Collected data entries
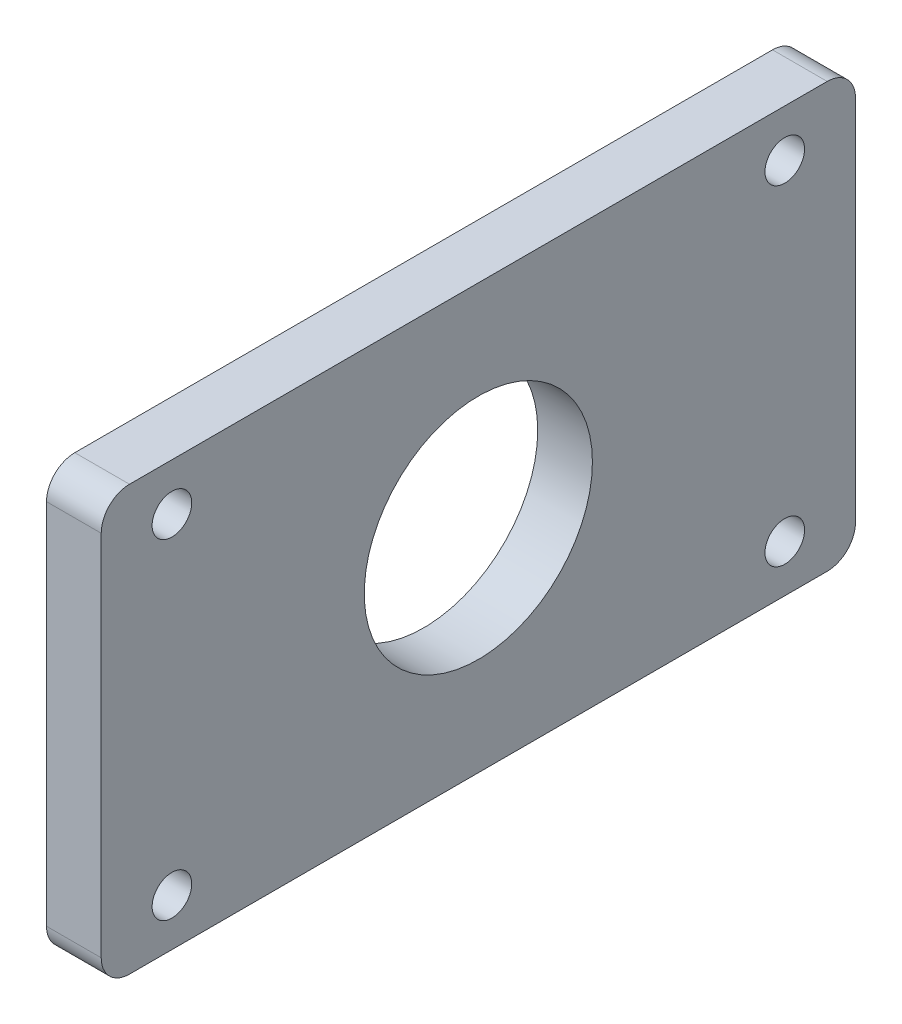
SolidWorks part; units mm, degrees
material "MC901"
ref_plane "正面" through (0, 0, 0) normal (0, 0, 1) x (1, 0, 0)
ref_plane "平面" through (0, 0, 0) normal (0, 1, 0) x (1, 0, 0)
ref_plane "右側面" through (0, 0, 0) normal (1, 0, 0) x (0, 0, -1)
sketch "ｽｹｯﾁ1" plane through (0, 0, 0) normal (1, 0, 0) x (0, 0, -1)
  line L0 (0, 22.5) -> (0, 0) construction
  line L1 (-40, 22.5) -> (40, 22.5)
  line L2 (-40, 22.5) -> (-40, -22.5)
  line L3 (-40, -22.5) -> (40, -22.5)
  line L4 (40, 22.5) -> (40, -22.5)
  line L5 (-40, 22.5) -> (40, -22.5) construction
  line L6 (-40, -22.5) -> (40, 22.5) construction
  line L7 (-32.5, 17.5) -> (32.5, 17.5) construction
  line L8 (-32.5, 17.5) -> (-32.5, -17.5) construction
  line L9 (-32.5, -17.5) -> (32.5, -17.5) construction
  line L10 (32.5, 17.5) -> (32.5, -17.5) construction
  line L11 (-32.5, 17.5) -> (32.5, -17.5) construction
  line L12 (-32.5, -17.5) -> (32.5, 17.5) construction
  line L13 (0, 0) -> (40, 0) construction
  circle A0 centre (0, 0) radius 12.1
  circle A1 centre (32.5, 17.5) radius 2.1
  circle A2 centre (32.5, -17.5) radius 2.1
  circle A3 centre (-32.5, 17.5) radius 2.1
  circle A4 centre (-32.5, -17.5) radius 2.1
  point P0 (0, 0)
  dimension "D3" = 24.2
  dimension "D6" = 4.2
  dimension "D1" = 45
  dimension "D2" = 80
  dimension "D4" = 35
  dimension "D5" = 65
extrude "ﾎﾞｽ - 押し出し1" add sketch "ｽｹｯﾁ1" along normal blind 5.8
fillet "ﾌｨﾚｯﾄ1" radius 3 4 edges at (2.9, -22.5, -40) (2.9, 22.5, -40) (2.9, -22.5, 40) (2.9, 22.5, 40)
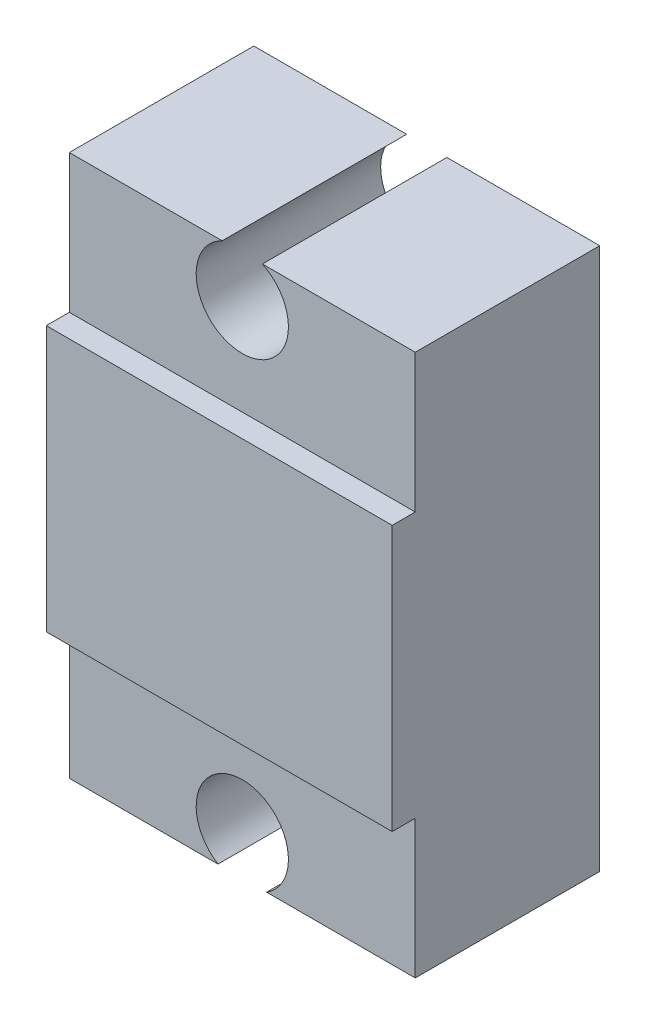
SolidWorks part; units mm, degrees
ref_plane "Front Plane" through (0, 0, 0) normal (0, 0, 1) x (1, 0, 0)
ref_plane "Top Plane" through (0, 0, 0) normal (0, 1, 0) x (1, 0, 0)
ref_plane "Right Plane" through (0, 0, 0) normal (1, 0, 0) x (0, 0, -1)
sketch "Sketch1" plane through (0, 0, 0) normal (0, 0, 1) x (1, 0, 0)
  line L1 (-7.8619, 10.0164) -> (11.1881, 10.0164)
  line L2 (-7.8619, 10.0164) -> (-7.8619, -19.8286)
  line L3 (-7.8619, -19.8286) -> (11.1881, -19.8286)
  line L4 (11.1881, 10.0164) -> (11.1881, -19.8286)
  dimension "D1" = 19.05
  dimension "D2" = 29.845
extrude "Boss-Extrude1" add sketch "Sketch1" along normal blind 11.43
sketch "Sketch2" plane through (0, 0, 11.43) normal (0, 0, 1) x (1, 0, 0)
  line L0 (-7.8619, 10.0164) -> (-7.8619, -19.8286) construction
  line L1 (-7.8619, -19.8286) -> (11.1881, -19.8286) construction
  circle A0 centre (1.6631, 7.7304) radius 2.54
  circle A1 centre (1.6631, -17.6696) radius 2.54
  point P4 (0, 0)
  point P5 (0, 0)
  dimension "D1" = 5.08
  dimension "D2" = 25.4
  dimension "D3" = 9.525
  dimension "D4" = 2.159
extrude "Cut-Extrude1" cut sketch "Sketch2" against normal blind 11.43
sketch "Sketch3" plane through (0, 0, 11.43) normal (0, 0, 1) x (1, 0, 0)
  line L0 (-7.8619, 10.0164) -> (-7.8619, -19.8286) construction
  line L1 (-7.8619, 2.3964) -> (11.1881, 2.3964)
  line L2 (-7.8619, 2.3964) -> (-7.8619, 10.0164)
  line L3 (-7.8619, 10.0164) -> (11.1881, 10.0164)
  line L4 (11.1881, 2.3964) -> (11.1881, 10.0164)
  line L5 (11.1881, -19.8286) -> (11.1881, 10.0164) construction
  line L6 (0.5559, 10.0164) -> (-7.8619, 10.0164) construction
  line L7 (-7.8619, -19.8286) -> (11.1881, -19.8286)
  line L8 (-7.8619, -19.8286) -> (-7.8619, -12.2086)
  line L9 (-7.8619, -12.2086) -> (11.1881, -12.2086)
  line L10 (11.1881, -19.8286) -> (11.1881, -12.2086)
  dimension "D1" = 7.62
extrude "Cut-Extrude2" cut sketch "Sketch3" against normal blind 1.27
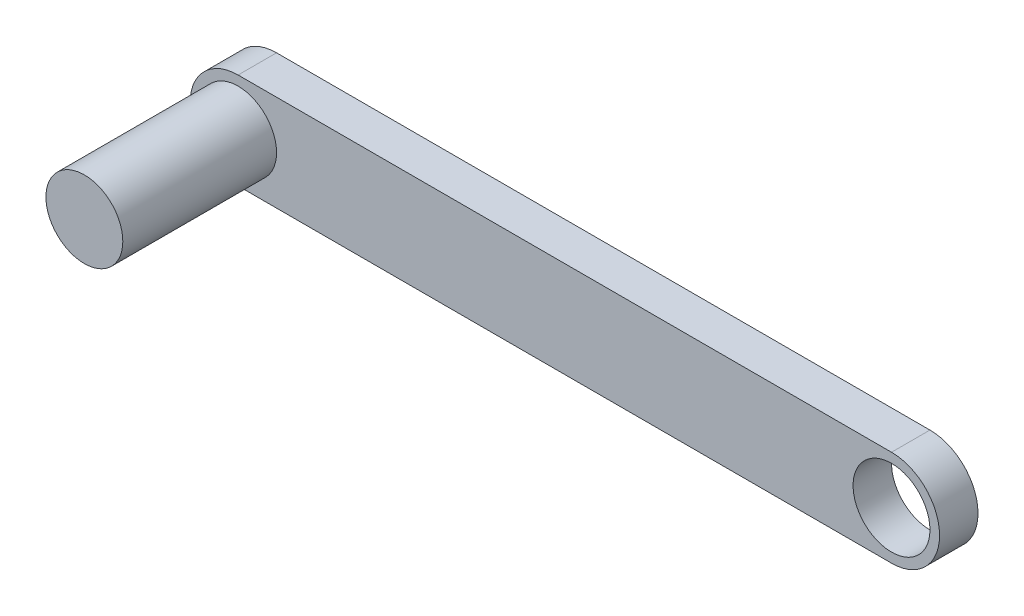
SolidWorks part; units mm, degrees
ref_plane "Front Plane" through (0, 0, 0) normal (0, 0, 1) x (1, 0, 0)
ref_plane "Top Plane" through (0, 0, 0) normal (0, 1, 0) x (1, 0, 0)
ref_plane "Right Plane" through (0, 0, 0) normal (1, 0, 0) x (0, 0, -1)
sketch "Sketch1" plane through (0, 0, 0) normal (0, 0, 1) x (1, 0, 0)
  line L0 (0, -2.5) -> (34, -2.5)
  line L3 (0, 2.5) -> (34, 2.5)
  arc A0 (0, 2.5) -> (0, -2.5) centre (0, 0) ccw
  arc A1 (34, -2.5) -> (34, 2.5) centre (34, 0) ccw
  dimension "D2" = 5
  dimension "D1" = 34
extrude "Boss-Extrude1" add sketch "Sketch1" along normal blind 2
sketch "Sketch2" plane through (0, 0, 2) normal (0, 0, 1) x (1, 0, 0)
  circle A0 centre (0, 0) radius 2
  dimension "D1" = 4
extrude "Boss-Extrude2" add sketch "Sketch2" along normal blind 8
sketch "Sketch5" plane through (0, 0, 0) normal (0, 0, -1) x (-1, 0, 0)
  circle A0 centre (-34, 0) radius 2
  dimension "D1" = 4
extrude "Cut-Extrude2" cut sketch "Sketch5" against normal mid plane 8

Problem to solve
Please print out the entries above exactly. The pictures stay out.

Solution for this task
SolidWorks part; units mm, degrees
material "MC901"
ref_plane "正面" through (0, 0, 0) normal (0, 0, 1) x (1, 0, 0)
ref_plane "平面" through (0, 0, 0) normal (0, 1, 0) x (1, 0, 0)
ref_plane "右側面" through (0, 0, 0) normal (1, 0, 0) x (0, 0, -1)
sketch "ｽｹｯﾁ1" plane through (0, 0, 0) normal (1, 0, 0) x (0, 0, -1)
  line L0 (0, 22.5) -> (0, 0) construction
  line L1 (-40, 22.5) -> (40, 22.5)
  line L2 (-40, 22.5) -> (-40, -22.5)
  line L3 (-40, -22.5) -> (40, -22.5)
  line L4 (40, 22.5) -> (40, -22.5)
  line L5 (-40, 22.5) -> (40, -22.5) construction
  line L6 (-40, -22.5) -> (40, 22.5) construction
  line L7 (-32.5, 17.5) -> (32.5, 17.5) construction
  line L8 (-32.5, 17.5) -> (-32.5, -17.5) construction
  line L9 (-32.5, -17.5) -> (32.5, -17.5) construction
  line L10 (32.5, 17.5) -> (32.5, -17.5) construction
  line L11 (-32.5, 17.5) -> (32.5, -17.5) construction
  line L12 (-32.5, -17.5) -> (32.5, 17.5) construction
  line L13 (0, 0) -> (40, 0) construction
  circle A0 centre (0, 0) radius 12.1
  circle A1 centre (32.5, 17.5) radius 2.1
  circle A2 centre (32.5, -17.5) radius 2.1
  circle A3 centre (-32.5, 17.5) radius 2.1
  circle A4 centre (-32.5, -17.5) radius 2.1
  point P0 (0, 0)
  dimension "D3" = 24.2
  dimension "D6" = 4.2
  dimension "D1" = 45
  dimension "D2" = 80
  dimension "D4" = 35
  dimension "D5" = 65
extrude "ﾎﾞｽ - 押し出し1" add sketch "ｽｹｯﾁ1" along normal blind 5.8
fillet "ﾌｨﾚｯﾄ1" radius 3 4 edges at (2.9, -22.5, -40) (2.9, 22.5, -40) (2.9, -22.5, 40) (2.9, 22.5, 40)
SolidWorks part; units mm, degrees
ref_plane "Front Plane" through (0, 0, 0) normal (0, 0, 1) x (1, 0, 0)
ref_plane "Top Plane" through (0, 0, 0) normal (0, 1, 0) x (1, 0, 0)
ref_plane "Right Plane" through (0, 0, 0) normal (1, 0, 0) x (0, 0, -1)
sketch "Sketch1" plane through (0, 0, 0) normal (0, 0, 1) x (1, 0, 0)
  line L1 (-7.8619, 10.0164) -> (11.1881, 10.0164)
  line L2 (-7.8619, 10.0164) -> (-7.8619, -19.8286)
  line L3 (-7.8619, -19.8286) -> (11.1881, -19.8286)
  line L4 (11.1881, 10.0164) -> (11.1881, -19.8286)
  dimension "D1" = 19.05
  dimension "D2" = 29.845
extrude "Boss-Extrude1" add sketch "Sketch1" along normal blind 11.43
sketch "Sketch2" plane through (0, 0, 11.43) normal (0, 0, 1) x (1, 0, 0)
  line L0 (-7.8619, 10.0164) -> (-7.8619, -19.8286) construction
  line L1 (-7.8619, -19.8286) -> (11.1881, -19.8286) construction
  circle A0 centre (1.6631, 7.7304) radius 2.54
  circle A1 centre (1.6631, -17.6696) radius 2.54
  point P4 (0, 0)
  point P5 (0, 0)
  dimension "D1" = 5.08
  dimension "D2" = 25.4
  dimension "D3" = 9.525
  dimension "D4" = 2.159
extrude "Cut-Extrude1" cut sketch "Sketch2" against normal blind 11.43
sketch "Sketch3" plane through (0, 0, 11.43) normal (0, 0, 1) x (1, 0, 0)
  line L0 (-7.8619, 10.0164) -> (-7.8619, -19.8286) construction
  line L1 (-7.8619, 2.3964) -> (11.1881, 2.3964)
  line L2 (-7.8619, 2.3964) -> (-7.8619, 10.0164)
  line L3 (-7.8619, 10.0164) -> (11.1881, 10.0164)
  line L4 (11.1881, 2.3964) -> (11.1881, 10.0164)
  line L5 (11.1881, -19.8286) -> (11.1881, 10.0164) construction
  line L6 (0.5559, 10.0164) -> (-7.8619, 10.0164) construction
  line L7 (-7.8619, -19.8286) -> (11.1881, -19.8286)
  line L8 (-7.8619, -19.8286) -> (-7.8619, -12.2086)
  line L9 (-7.8619, -12.2086) -> (11.1881, -12.2086)
  line L10 (11.1881, -19.8286) -> (11.1881, -12.2086)
  dimension "D1" = 7.62
extrude "Cut-Extrude2" cut sketch "Sketch3" against normal blind 1.27
SolidWorks part; units mm, degrees
ref_plane "Front Plane" through (0, 0, 0) normal (0, 0, 1) x (1, 0, 0)
ref_plane "Top Plane" through (0, 0, 0) normal (0, 1, 0) x (1, 0, 0)
ref_plane "Right Plane" through (0, 0, 0) normal (1, 0, 0) x (0, 0, -1)
sketch "Sketch1" plane through (0, 0, 0) normal (0, 0, 1) x (1, 0, 0)
  line L0 (0, -2.5) -> (34, -2.5)
  line L3 (0, 2.5) -> (34, 2.5)
  arc A0 (0, 2.5) -> (0, -2.5) centre (0, 0) ccw
  arc A1 (34, -2.5) -> (34, 2.5) centre (34, 0) ccw
  dimension "D2" = 5
  dimension "D1" = 34
extrude "Boss-Extrude1" add sketch "Sketch1" along normal blind 2
sketch "Sketch2" plane through (0, 0, 2) normal (0, 0, 1) x (1, 0, 0)
  circle A0 centre (0, 0) radius 2
  dimension "D1" = 4
extrude "Boss-Extrude2" add sketch "Sketch2" along normal blind 8
sketch "Sketch5" plane through (0, 0, 0) normal (0, 0, -1) x (-1, 0, 0)
  circle A0 centre (-34, 0) radius 2
  dimension "D1" = 4
extrude "Cut-Extrude2" cut sketch "Sketch5" against normal mid plane 8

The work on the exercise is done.